# Cochicine treatment and defects



## PHRAG (Jun 8, 2006)

So I have this 3N bloomer, and the bud just opened. While even I like the ugliest of flowers, this one is a real dog. Big time fangs on the petals and a pouch smaller that the rest of the flower with big teeth on the rim. I am afraid to go near the thing it has so many teeth. 

I have heard that these polyploidy plants can grow out of these things and produce great flowers. However this is the second bloom on the second mature growth. How long does it take for these things to grow out of it?!?!


----------



## lienluu (Jun 8, 2006)

PHRAG said:


> So I have this 3N bloomer, and the bud just opened. While even I like the ugliest of flowers, this one is a real dog. Big time fangs on the petals and a pouch smaller that the rest of the flower with big teeth on the rim. I am afraid to go near the thing it has so many teeth.
> 
> I have heard that these polyploidy plants can grow out of these things and produce great flowers. However this is the second bloom on the second mature growth. How long does it take for these things to grow out of it?!?!



Do you have a photo of it? I would love to see it!


----------



## kentuckiense (Jun 8, 2006)

Do you know if that very plant was treated with colchicine? If it was, then that mutation could be permanent. If it's just the product of a 4N x 2N cross, then I have no idea what to tell you.


----------



## kentuckiense (Jun 8, 2006)

lienluu said:


> Do you have a photo of it? I would love to see it!

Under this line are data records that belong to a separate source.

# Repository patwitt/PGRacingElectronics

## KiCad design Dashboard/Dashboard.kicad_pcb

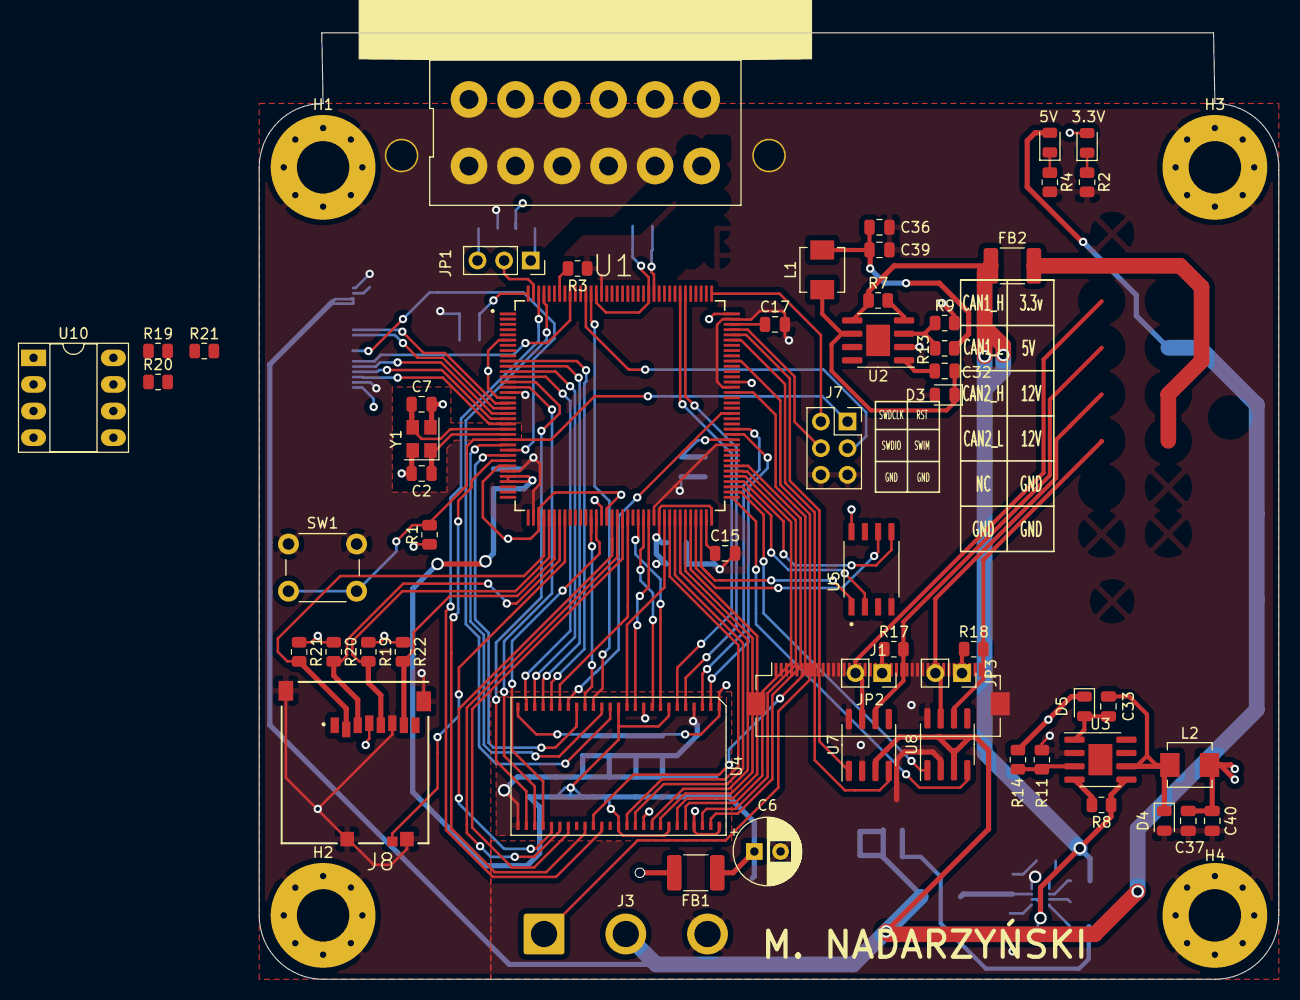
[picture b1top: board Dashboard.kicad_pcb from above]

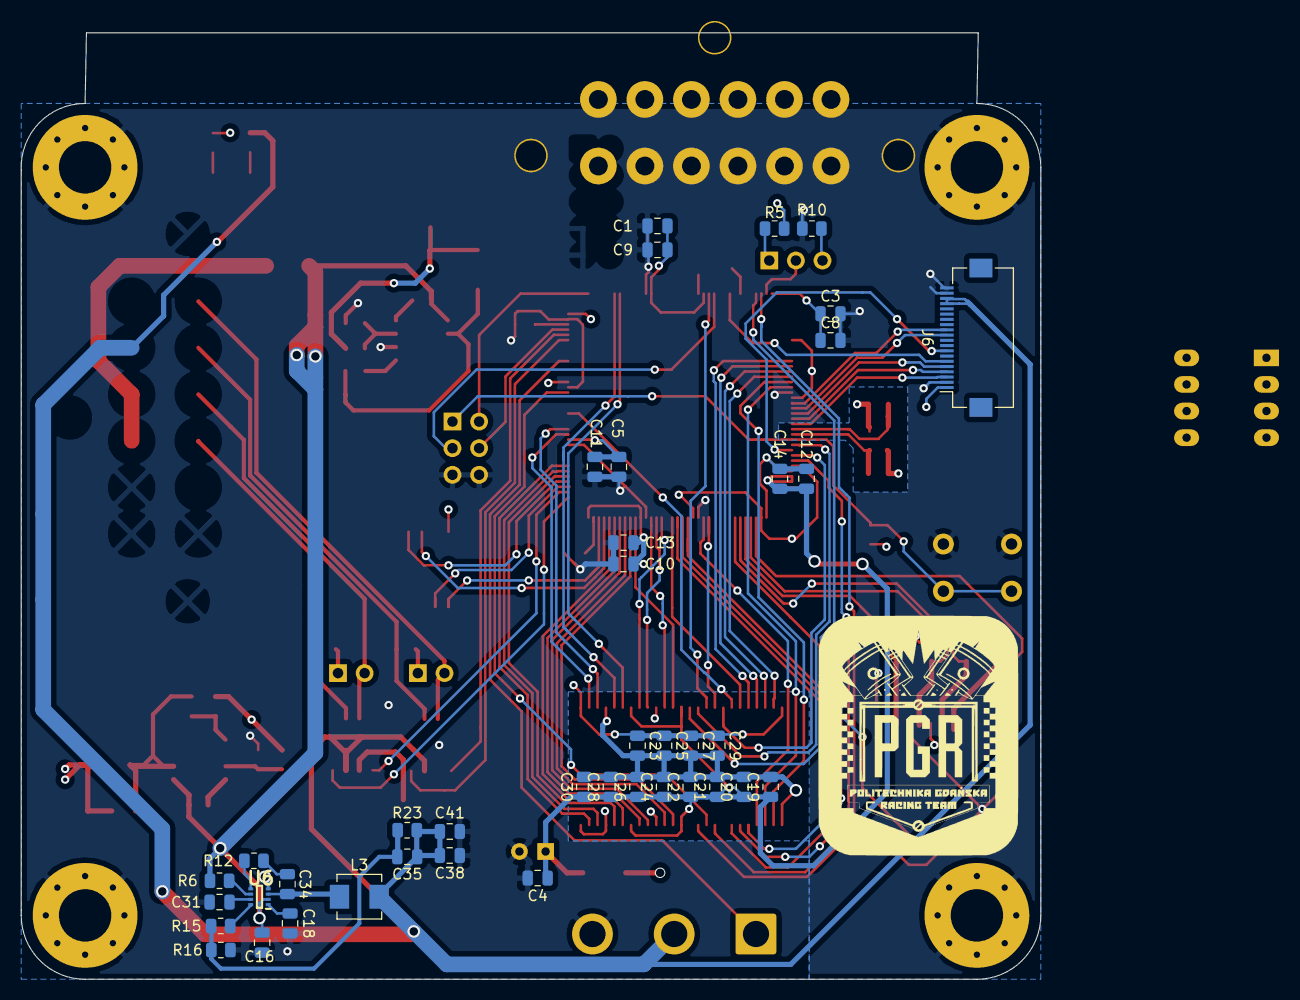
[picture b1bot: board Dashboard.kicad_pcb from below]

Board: 4 copper layers, 97.3 x 90.3 mm, 101 parts (40 on the bottom side), 125 nets.

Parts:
C1, C3, C4, C5, C8, C9, C10, C11, C13, C16, C19, C20, C21, C22, C23, C24, C25, C26, C27, C28, C29, C30: 100nF; C_0805_2012Metric
C2, C7: 14p; C_0805_2012Metric
C6: 470uF; CP_Radial_D6.3mm_P2.50mm
C12, C18, C31, C34: 1uF; C_0805_2012Metric
C14, C32, C33: 10nF; C_0805_2012Metric
C15, C17: 2.2uF; C_0805_2012Metric
C35: 10pF; C_0805_2012Metric
C36, C37, C39, C40: 10uF; C_0805_2012Metric
C38, C41: 22uF; C_0805_2012Metric
D1: LED_3.3V; LED_0805_2012Metric
D2: LED_5V; LED_0805_2012Metric
D3, D4: D_Schottky; D_0805_2012Metric
D5: 1N4148; D_0805_2012Metric
FB1, FB2: Ferrite_Bead; C_1812_4532Metric
H1, H2, H3, H4: MountingHole_Pad; MountingHole_5mm_Pad_Via
J1: Display; Hirose_FH12-40S-0.5SH_1x40-1MP_P0.50mm_Horizontal
J3: LED; SolderWire-2sqmm_1x03_P7.8mm_D2mm_OD3.9mm
J4: MAIN_CONNECTOR; DT13
J6: Display; Hirose_FH12-20S-0.5SH_1x20-1MP_P0.50mm_Horizontal
J7: PROGRAMMER; PinSocket_2x03_P2.54mm_Vertical
J8: MEM2051-00-195-00-A_REVC; GCT_MEM2051-00-195-00-A_REVC
JP1: PDR_ON; PinSocket_1x03_P2.54mm_Vertical
JP2: CAN1_RESISTOR; PinSocket_1x02_P2.54mm_Vertical
JP3: CAN2_RESISTOR; PinSocket_1x02_P2.54mm_Vertical
L1, L2: 10uH; L_Vishay_IHLP-1616
L3: 2.2uH; L_Vishay_IHLP-1616
R1, R3, R5, R10, R19, R20, R21: 10k; R_0805_2012Metric
R2, R4, R9, R11, R12, R13, R14: R; R_0805_2012Metric
R6, R7, R8: 100k; R_0805_2012Metric
R15: 20k; R_0805_2012Metric
R16: 13k; R_0805_2012Metric
R17, R18: 120; R_0805_2012Metric
R19#2, R20#2, R21#2, R22: 47K; R_0805_2012Metric
R23: 40.2k; R_0805_2012Metric
SW1: SW_SPST; SW_PUSH_6mm_H8mm
U1: STM32F767ZIT6; QFP50P2200X2200X160-144N
U2, U3: MP2359DJ-LF-Z; SOIC-8-1EP_3.9x4.9mm_P1.27mm_EP2.29x3mm
U4: AS4C1M16S-6TCN; TSOP-II-50
U5: AT25SF128A-SHB-T; SOIC127P790X216-8N
U6: MP2332H; SOTFL50P160X60-8N
U7, U8: MCP2561-E-SN; SOIC-8_3.9x4.9mm_P1.27mm
U10: 24LC01; DIP-8_W7.62mm_Socket_LongPads
Y1: Crystal_GND24; Crystal_SMD_3225-4Pin_3.2x2.5mm

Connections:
+3.3VA: C4.1, C6.1, C12.1, C14.1, C19.1, C20.1, C21.1, C22.1, C24.1, C26.1, C28.1, C30.1, FB1.1, U1.32, U1.33, U4.7, U4.13, U4.38, U4.44
+3V3: C1.1, C3.1, C5.1, C8.1, C9.1, C10.1, C11.1, C13.1, C23.1, C25.1, C27.1, C29.1, C37.2, C40.2, D1.2, D5.1, FB1.2, J1.4, J4.12, J6.1, J8.4, L2.2, R1.1, R5.1, R14.2, R19#2.1, R20#2.1, R21#2.1, R22.1, U1.6, U1.17, U1.30, U1.39, U1.52, U1.62, U1.72, U1.84, U1.95, U1.108, U1.121, U1.131, U1.144, U4.1, U4.25, U5.8, U10.8
+5V: C35.2, C38.2, C41.2, D2.2, J1.2, J3.2, J4.11, J6.17, J6.18, L3.2, R23.2, U7.3, U8.3
+8V: C36.2, C39.2, L1.2, R13.2
+12L: C16.1, FB2.1, R6.1, R7.1, R8.1, U2.5, U3.5, U6.2
+12V: FB2.2, J4.9, J4.10
/FMC_A0: U1.10, U4.21
/FMC_A1: U1.11, U4.22
/FMC_A2: U1.12, U4.23
/FMC_A3: U1.13, U4.24
/FMC_A4: U1.14, U4.27
/FMC_A5: U1.15, U4.28
/FMC_A6: U1.50, U4.29
/FMC_A7: U1.53, U4.30
/FMC_A8: U1.54, U4.31
/FMC_A9: U1.55, U4.32
/FMC_A10: U1.56, U4.20
/FMC_BA0: U1.89, U4.19
/FMC_D0: U1.85, U4.2
/FMC_D1: U1.86, U4.3
/FMC_D2: U1.114, U4.5
/FMC_D3: U1.115, U4.6
/FMC_D4: U1.58, U4.8
/FMC_D5: U1.59, U4.9
/FMC_D6: U1.60, U4.11
/FMC_D7: U1.63, U4.12
/FMC_D8: U1.64, U4.39
/FMC_D9: U1.65, U4.40
/FMC_D10: U1.66, U4.42
/FMC_D11: U1.67, U4.43
/FMC_D12: U1.68, U4.45
/FMC_D13: U1.77, U4.46
/FMC_D14: U1.78, U4.48
/FMC_D15: U1.79, U4.49
/FMC_NBL0: U1.141, U4.14
/FMC_NBL1: U1.142, U4.36
/FMC_SDCAS: U1.132, U4.16
/FMC_SDCKE0: U1.29, U4.34
/FMC_SDCLK: U1.93, U4.35
/FMC_SDNE0: U1.28, U4.18
/FMC_SDNRAS: U1.49, U4.17
/FMC_SDNWE: U1.43, U4.15
/I2C3_SCL: U1.100, U10.6
/I2C3_SDA: U1.99, U10.5
/LTDC_B0: J1.21, U1.3
/LTDC_B1: J1.22, U1.102
/LTDC_B2: J1.23, U1.122
/LTDC_B3: J1.24, U1.126
/LTDC_B4: J1.25, U1.127
/LTDC_B5: J1.26, U1.37
/LTDC_B6: J1.27, U1.139
/LTDC_B7: J1.28, U1.140
/LTDC_CLK: J1.30, U1.92
/LTDC_DE: J1.34, U1.22
/LTDC_G0: J1.13, U1.4
/LTDC_G1: J1.14, U1.5
/LTDC_G2: J1.15, U1.42
/LTDC_G3: J1.16, U1.125
/LTDC_G4: J1.17, U1.69
/LTDC_G5: J1.18, U1.70
/LTDC_G6: J1.19, U1.97
/LTDC_G7: J1.20, U1.117
/LTDC_HSYNC: J1.32, U1.96
/LTDC_R0: J1.5, U1.128
/LTDC_R1: J1.6, U1.36
/LTDC_R2: J1.7, U1.35
/LTDC_R3: J1.8, U1.46
/LTDC_R4: J1.9, U1.41
/LTDC_R5: J1.10, U1.26
/LTDC_R6: J1.11, U1.47
/LTDC_R7: J1.12, U1.91
/LTDC_VSYNC: J1.33, U1.40
/QUADSPI_IO0: U1.20, U5.5
/QUADSPI_IO1: U1.21, U5.2
/QUADSPI_IO2: U1.19, U5.3
/QUADSPI_IO3: U1.18, U5.7
/QUADSPI_NCS: U1.136, U5.1
/SD_CARD_DETECT: J8.9, U1.44
/SD_CS: J8.2, R21#2.2
/SD_MISO: J8.7, R22.2
/SD_MOSI: J8.3, R20#2.2
/SD_SCLK: J8.5, R19#2.2
CAN_1_1: U1.104, U7.1
CAN_1_2: U1.103, U7.4
CAN_2_1: U1.74, U8.1
CAN_2_2: U1.73, U8.4
CAN_H1: J4.1, JP2.2, U7.7
CAN_H2: J4.3, JP3.2, U8.7
CAN_L1: J4.2, R17.2, U7.6
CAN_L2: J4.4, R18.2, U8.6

I'd like to echo this request.


----------



## PHRAG (Jun 8, 2006)

Oh yeah, it is a 3N. So I guess it isn't exactly colchicine's fault directly. Taking pics now. Be prepared to gasp in horror!


----------



## likespaphs (Jun 8, 2006)

i'm drawing in my breath in anticipation of horror...


----------



## Jmoney (Jun 8, 2006)

I assume it's a phrag?

You hear about these things more with the 4N phrags--ragged petals, ragged pouches, etc. If you look at pictures of the Eric Young 'Rocket Fire' 4N that is frequently used in breeding, you see that its petals aren't smooth at all.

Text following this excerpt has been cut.